- **Exercise details**
Give back the lines below verbatim, omitting all pictures.

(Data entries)
........
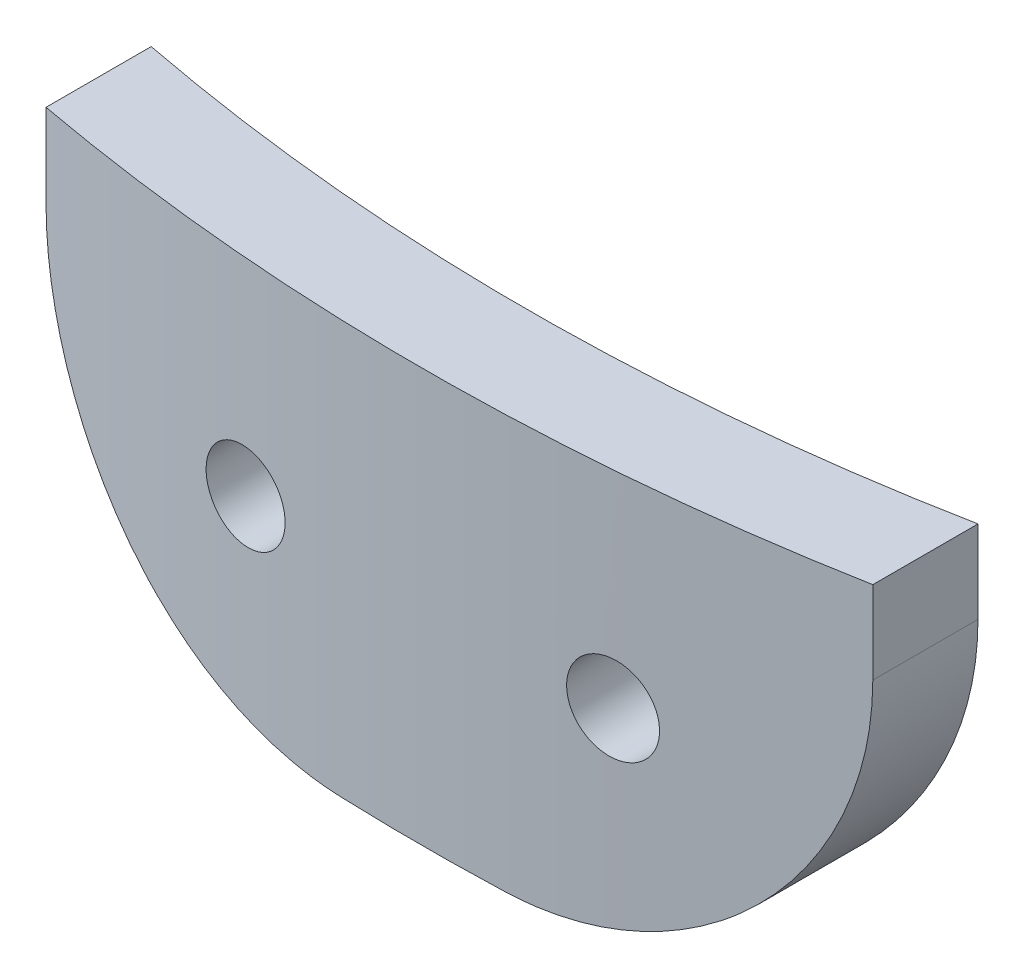
SolidWorks part; units mm, degrees
material "6061 Alloy"
ref_plane "Front Plane" through (0, 0, 0) normal (0, 0, 1) x (1, 0, 0)
ref_plane "Top Plane" through (0, 0, 0) normal (0, 1, 0) x (1, 0, 0)
ref_plane "Right Plane" through (0, 0, 0) normal (1, 0, 0) x (0, 0, -1)
sketch "Sketch1" plane through (0, 0, 0) normal (0, 1, 0) x (1, 0, 0)
  line L0 (-12.7, -65.4543) -> (-12.7, -68.6858)
  line L1 (12.7, -65.4543) -> (12.7, -68.6858)
  circle A0 centre (0, 0) radius 66.675
  circle A1 centre (0, 0) radius 69.85
  dimension "D1" = 133.35
  dimension "D3" = 12.7
  dimension "D4" = 12.7
  dimension "D2" = 3.175
extrude "Boss-Extrude1" add sketch "Sketch1" along normal blind 12.7 contours L0 A1 L1 A0 region at (0, 0, 67.8645)
sketch "Sketch2" plane through (0, 0, 0) normal (0, 0, 1) x (1, 0, 0)
  line L0 (0, 12.7) -> (0, 0) construction
  line L4 (-12.7, 0) -> (12.7, 0)
  line L5 (12.7, 0) -> (12.7, 12.7)
  line L6 (12.7, 12.7) -> (-12.7, 12.7)
  line L7 (-12.7, 12.7) -> (-12.7, 0)
  line L8 (-12.7, 0) -> (12.7, 0)
  line L9 (12.7, 0) -> (12.7, 12.7)
  line L10 (12.7, 12.7) -> (-12.7, 12.7)
  line L11 (-12.7, 12.7) -> (-12.7, 0)
  circle A0 centre (-5.6444, 6.35) radius 1.3208
  dimension "D3" = 12.7
  dimension "D6" = 2.6416
  dimension "D2" = 6.35
  dimension "D5" = 5.6444
extrude "Cut-Extrude1" cut sketch "Sketch2" along normal up to surface (69.7161 mm away) contours A0 up to face at (0, 6.35, 69.2679)
mirror "Mirror1" about plane through (0, 0, 0) normal (1, 0, 0) of "Cut-Extrude1"
sketch "Sketch3" plane through (0, 0, 0) normal (0, 0, 1) x (1, 0, 0)
  line L0 (-12.7, 12.7) -> (-12.7, 0)
  line L1 (-12.7, 0) -> (12.7, 0)
  line L2 (12.7, 0) -> (12.7, 12.7)
  line L4 (-12.7, 0) -> (12.7, 0)
  line L5 (12.7, 0) -> (12.7, 12.7)
  line L6 (12.7, 12.7) -> (-12.7, 12.7)
  line L7 (-12.7, 12.7) -> (-12.7, 0)
  line L8 (-2.54, 0) -> (2.54, 0)
  line L9 (12.7, 10.16) -> (12.7, 12.7)
  line L10 (12.7, 12.7) -> (-12.7, 12.7)
  line L11 (-12.7, 12.7) -> (-12.7, 10.16)
  arc A0 (2.54, 0) -> (12.7, 10.16) centre (2.54, 10.16) ccw
  arc A1 (-2.54, 0) -> (-12.7, 10.16) centre (-2.54, 10.16) cw
  dimension "D2" = 10.16
  dimension "D1" = 0
extrude "Cut-Extrude2" cut sketch "Sketch3" along normal up to surface (68.6858 mm away) contours L1 A1 L0 | A0 L1 L2 region at (-10.4306, 2.2694, 0) region at (10.4306, 2.2694, 0) up to face at (6.9299, 6.6537, 69.5054)
equation "\"Middle Coupler Inner Daimeter\"= 4.75in"
equation "\"Middle Coupler  Wall Thickness\" = 0.25in"
equation "\"Middle Coupler Bottom Thickness\"= 0.2in"
equation "\"Bearing Rail Offset\"= 0.45in"
equation "\"3-56 UNF Tap\"= 0.089in"
equation "\"3-56 UNF Clearance\"= 0.104in"
equation "\"Ball Bearing Distance\"= 0.03in"
equation "\"TCA Outer Diameter\" = 6.625in"
equation "\"D1@Sketch1\"=\"Middle Coupler Inner Daimeter\"+0.5"
equation "\"D2@Sketch1\"=1/8"
equation "\"D3@Sketch1\"=0.5"
equation "\"D4@Sketch1\"=\"D3@Sketch1\""
equation "\"D2@Sketch2\"=\"D3@Sketch2\"/2"
equation "\"D6@Sketch2\"=\"3-56 UNF Clearance\""
equation "\"D5@Sketch2\"=\"D4@Sketch2\"/4.5"
equation "\"Interstage Aeroframe Wall Thickness\" = 0.072in"
equation "\"Compression Spring OD\"= 0.42in"
equation "\"10-24 Tap\"= 0.157in"
equation "\"10-24 Clearance\"= 0.196in"
equation "\"Lower Stage Fuselage Wall Thickness\" = 0.25in"
equation "\"6-32 Tap\" = 0.107in"
equation "\"1/4-20 Tap\" = 0.201in"
........
- **Answer section**
SolidWorks part; units mm, degrees
material "6061 Alloy"
ref_plane "Front Plane" through (0, 0, 0) normal (0, 0, 1) x (1, 0, 0)
ref_plane "Top Plane" through (0, 0, 0) normal (0, 1, 0) x (1, 0, 0)
ref_plane "Right Plane" through (0, 0, 0) normal (1, 0, 0) x (0, 0, -1)
sketch "Sketch1" plane through (0, 0, 0) normal (0, 1, 0) x (1, 0, 0)
  line L0 (-12.7, -65.4543) -> (-12.7, -68.6858)
  line L1 (12.7, -65.4543) -> (12.7, -68.6858)
  circle A0 centre (0, 0) radius 66.675
  circle A1 centre (0, 0) radius 69.85
  dimension "D1" = 133.35
  dimension "D3" = 12.7
  dimension "D4" = 12.7
  dimension "D2" = 3.175
extrude "Boss-Extrude1" add sketch "Sketch1" along normal blind 12.7 contours L0 A1 L1 A0 region at (0, 0, 67.8645)
sketch "Sketch2" plane through (0, 0, 0) normal (0, 0, 1) x (1, 0, 0)
  line L0 (0, 12.7) -> (0, 0) construction
  line L4 (-12.7, 0) -> (12.7, 0)
  line L5 (12.7, 0) -> (12.7, 12.7)
  line L6 (12.7, 12.7) -> (-12.7, 12.7)
  line L7 (-12.7, 12.7) -> (-12.7, 0)
  line L8 (-12.7, 0) -> (12.7, 0)
  line L9 (12.7, 0) -> (12.7, 12.7)
  line L10 (12.7, 12.7) -> (-12.7, 12.7)
  line L11 (-12.7, 12.7) -> (-12.7, 0)
  circle A0 centre (-5.6444, 6.35) radius 1.3208
  dimension "D3" = 12.7
  dimension "D6" = 2.6416
  dimension "D2" = 6.35
  dimension "D5" = 5.6444
extrude "Cut-Extrude1" cut sketch "Sketch2" along normal up to surface (69.7161 mm away) contours A0 up to face at (0, 6.35, 69.2679)
mirror "Mirror1" about plane through (0, 0, 0) normal (1, 0, 0) of "Cut-Extrude1"
sketch "Sketch3" plane through (0, 0, 0) normal (0, 0, 1) x (1, 0, 0)
  line L0 (-12.7, 12.7) -> (-12.7, 0)
  line L1 (-12.7, 0) -> (12.7, 0)
  line L2 (12.7, 0) -> (12.7, 12.7)
  line L4 (-12.7, 0) -> (12.7, 0)
  line L5 (12.7, 0) -> (12.7, 12.7)
  line L6 (12.7, 12.7) -> (-12.7, 12.7)
  line L7 (-12.7, 12.7) -> (-12.7, 0)
  line L8 (-2.54, 0) -> (2.54, 0)
  line L9 (12.7, 10.16) -> (12.7, 12.7)
  line L10 (12.7, 12.7) -> (-12.7, 12.7)
  line L11 (-12.7, 12.7) -> (-12.7, 10.16)
  arc A0 (2.54, 0) -> (12.7, 10.16) centre (2.54, 10.16) ccw
  arc A1 (-2.54, 0) -> (-12.7, 10.16) centre (-2.54, 10.16) cw
  dimension "D2" = 10.16
  dimension "D1" = 0
extrude "Cut-Extrude2" cut sketch "Sketch3" along normal up to surface (68.6858 mm away) contours L1 A1 L0 | A0 L1 L2 region at (-10.4306, 2.2694, 0) region at (10.4306, 2.2694, 0) up to face at (6.9299, 6.6537, 69.5054)
equation "\"Middle Coupler Inner Daimeter\"= 4.75in"
equation "\"Middle Coupler  Wall Thickness\" = 0.25in"
equation "\"Middle Coupler Bottom Thickness\"= 0.2in"
equation "\"Bearing Rail Offset\"= 0.45in"
equation "\"3-56 UNF Tap\"= 0.089in"
equation "\"3-56 UNF Clearance\"= 0.104in"
equation "\"Ball Bearing Distance\"= 0.03in"
equation "\"TCA Outer Diameter\" = 6.625in"
equation "\"D1@Sketch1\"=\"Middle Coupler Inner Daimeter\"+0.5"
equation "\"D2@Sketch1\"=1/8"
equation "\"D3@Sketch1\"=0.5"
equation "\"D4@Sketch1\"=\"D3@Sketch1\""
equation "\"D2@Sketch2\"=\"D3@Sketch2\"/2"
equation "\"D6@Sketch2\"=\"3-56 UNF Clearance\""
equation "\"D5@Sketch2\"=\"D4@Sketch2\"/4.5"
equation "\"Interstage Aeroframe Wall Thickness\" = 0.072in"
equation "\"Compression Spring OD\"= 0.42in"
equation "\"10-24 Tap\"= 0.157in"
equation "\"10-24 Clearance\"= 0.196in"
equation "\"Lower Stage Fuselage Wall Thickness\" = 0.25in"
equation "\"6-32 Tap\" = 0.107in"
equation "\"1/4-20 Tap\" = 0.201in"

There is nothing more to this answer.